Temporary bronchial stenting for airway compression in the interstage palliation of functional single ventricle


Jason Hawes Barnes1, Richard Paul Boesch2, Karthik Balakrishnan3, Sameh M Said4, Charlotte S Van Dorn5,  
1 Department of Otorhinolaryngology, Mayo Clinic, Rochester, MN, USA
2 Divsion of Pediatric Pulmonology; Mayo Clinic Children's Center, Mayo Clinic, Rochester, MN, USA
3 Department of Otorhinolaryngology; Mayo Clinic Children's Center, Mayo Clinic, Rochester, MN, USA
4 Department of Cardiovascular Surgery, Mayo Clinic, MN, USA
5 Mayo Clinic Children's Center, Mayo Clinic, Rochester; Department of Pediatric and Adolescent Medicine, Divisions of Pediatric Critical Care Medicine and Pediatric Cardiology, Mayo Clinic, MN, USA

Correspondence Address:
Dr. Jason Hawes Barnes
Barnes, Department of Otorhinolaryngology, Mayo Clinic, 200 First Street SW, Rochester, MN 55905
USA

Abstract

The Norwood procedure is the first of three palliative surgical procedures offered for hypoplastic left heart syndrome (HLHS). Due to the small size of the thorax and proximity of airway and vascular structures, compression of the airway is possible following the Norwood procedure. We describe the management of an infant with HLHS following Stage I surgical palliation who developed refractory respiratory failure secondary to severe left bronchial compression.



How to cite this article:
Barnes JH, Boesch RP, Balakrishnan K, Said SM, Van Dorn CS. Temporary bronchial stenting for airway compression in the interstage palliation of functional single ventricle.Ann Pediatr Card 2019;12:308-311


How to cite this URL:
Barnes JH, Boesch RP, Balakrishnan K, Said SM, Van Dorn CS. Temporary bronchial stenting for airway compression in the interstage palliation of functional single ventricle. Ann Pediatr Card [serial online] 2019 [cited 2019 Dec 16 ];12:308-311
Available from: http://www.annalspc.com/text.asp?2019/12/3/308/259566


Full Text



 Introduction



The Norwood procedure is the first of three palliative surgical procedures offered for hypoplastic left heart syndrome (HLHS).

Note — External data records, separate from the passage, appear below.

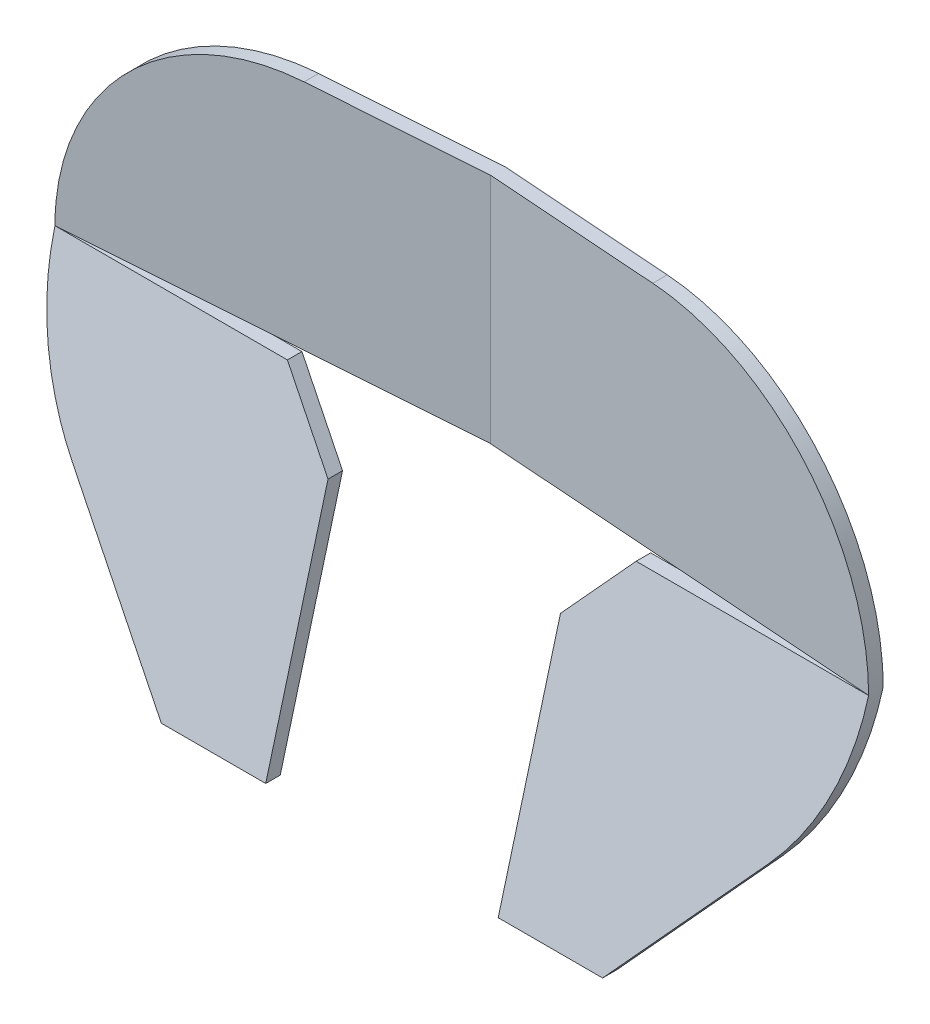
from build123d import *

# Parameters (mm, degrees)
BOSS_EXTRUDE1_DEPTH     = 152.4
CUT_EXTRUDE4_DEPTH      = 203.2
CUT_EXTRUDE5_DEPTH      = 605.955649982
CUT_EXTRUDE5_DEPTH_BACK = 605.955649982


with BuildPart() as part:
    # Sketch1 → Boss-Extrude1 (new body)
    with BuildSketch(Plane.XY):
        with BuildLine():
            Line((341.74060652, 162.46889182), (290.94060652, 105.31889182))
            Line((290.94060652, 105.31889182), (290.94060652, -97.88110818))
            Line((290.94060652, -97.88110818), (382.190830787, -97.88110818))
            Line((382.190830787, -97.88110818), (493.614180076, 27.47015977))
            ThreePointArc((493.614180076, 27.47015977), (527.107785859, 245.711001498), (341.74060652, 365.66889182))
            Line((341.74060652, 365.66889182), (36.94060652, 365.66889182))
            ThreePointArc((36.94060652, 365.66889182), (-148.42657282, 245.711001498), (-114.932967037, 27.47015977))
            Line((-114.932967037, 27.47015977), (-3.509617748, -97.88110818))
            Line((-3.509617748, -97.88110818), (87.74060652, -97.88110818))
            Line((87.74060652, -97.88110818), (87.74060652, 105.31889182))
            Line((87.74060652, 105.31889182), (36.94060652, 162.46889182))
            Line((36.94060652, 162.46889182), (87.74060652, 162.46889182))
            Line((87.74060652, 162.46889182), (290.94060652, 162.46889182))
            Line((290.94060652, 162.46889182), (341.74060652, 162.46889182))
        make_face()
    extrude(amount=BOSS_EXTRUDE1_DEPTH)

    # Sketch4 → Cut-Extrude4 (cut)
    with BuildSketch(Plane(origin=(0, 365.66889182, 0), x_dir=(1, 0, 0), z_dir=(0, 1, 0))):
        Polygon((189.34060652, 0), (-166.25939348, 0), (-166.25939348, -25.4), align=None)
        Polygon((189.34060652, 0), (544.94060652, -25.4), (544.94060652, 0), align=None)
        Polygon((-166.508671644, -152.4), (544.94060652, -152.4), (544.94060652, -38.1), (189.091328356, -12.7), (-166.508671644, -38.1), align=None)
    extrude(amount=-CUT_EXTRUDE4_DEPTH, mode=Mode.SUBTRACT)

    # Sketch5 → Cut-Extrude5 (cut, two sides: drawn at the far end of the back side and taken through both)
    with BuildSketch(Plane(origin=(87.74060652, 0, 0), x_dir=(0, 0, -1), z_dir=(1, 0, 0)).offset(-CUT_EXTRUDE5_DEPTH_BACK)):
        Polygon((-38.1, 162.46889182), (-152.4, 162.46889182), (-152.4, -97.88110818), (-107.860572249, -97.88110818), align=None)
        Polygon((0, -97.88110818), (0, 162.46889182), (-25.4, 162.46889182), (-95.160572249, -97.88110818), align=None)
    extrude(amount=CUT_EXTRUDE5_DEPTH + CUT_EXTRUDE5_DEPTH_BACK, mode=Mode.SUBTRACT)


solid = part.part

Despite advancements in surgical technique and intensive care unit management, it has the highest postoperative morbidity and mortality of all three palliative procedures. Due to the small size of the thorax and proximity of airway and vascular structures, compression of the airway is possible following the Norwood procedure.[1],[2],[3] Potential approaches to alleviate airway compression include anterior sternal aortopexy, bronchopexy, external airway splinting, and, rarely, internal airway stenting.[4],[5],[6] We describe the management of an infant with HLHS following Stage I surgical palliation who developed refractory respiratory failure secondary to severe left bronchial compression.

 Case Report



A male infant with prenatal diagnosis of HLHS, with near-mitral atresia, aortic atresia, small aortic to left ventricular tunnel, and concern for restrictive atrial septum, was born at 35 weeks' gestation after premature onset of labor and subsequent delivery at an outside facility. Following transfer, he was urgently taken to the cardiac catheterization laboratory for atrial stent placement, which was displaced and required emergent surgical retrieval via median sternotomy. This was performed via bicaval inflow occlusion and was combined with a complete atrial septectomy. He was allowed to recover for a few days due to associated acute kidney and lung injury. On day 4 of birth, he underwent modified Norwood/Sano procedure with a valved Sano conduit using an 8-mm aortic homograft valve and 6-mm Gore-Tex graft.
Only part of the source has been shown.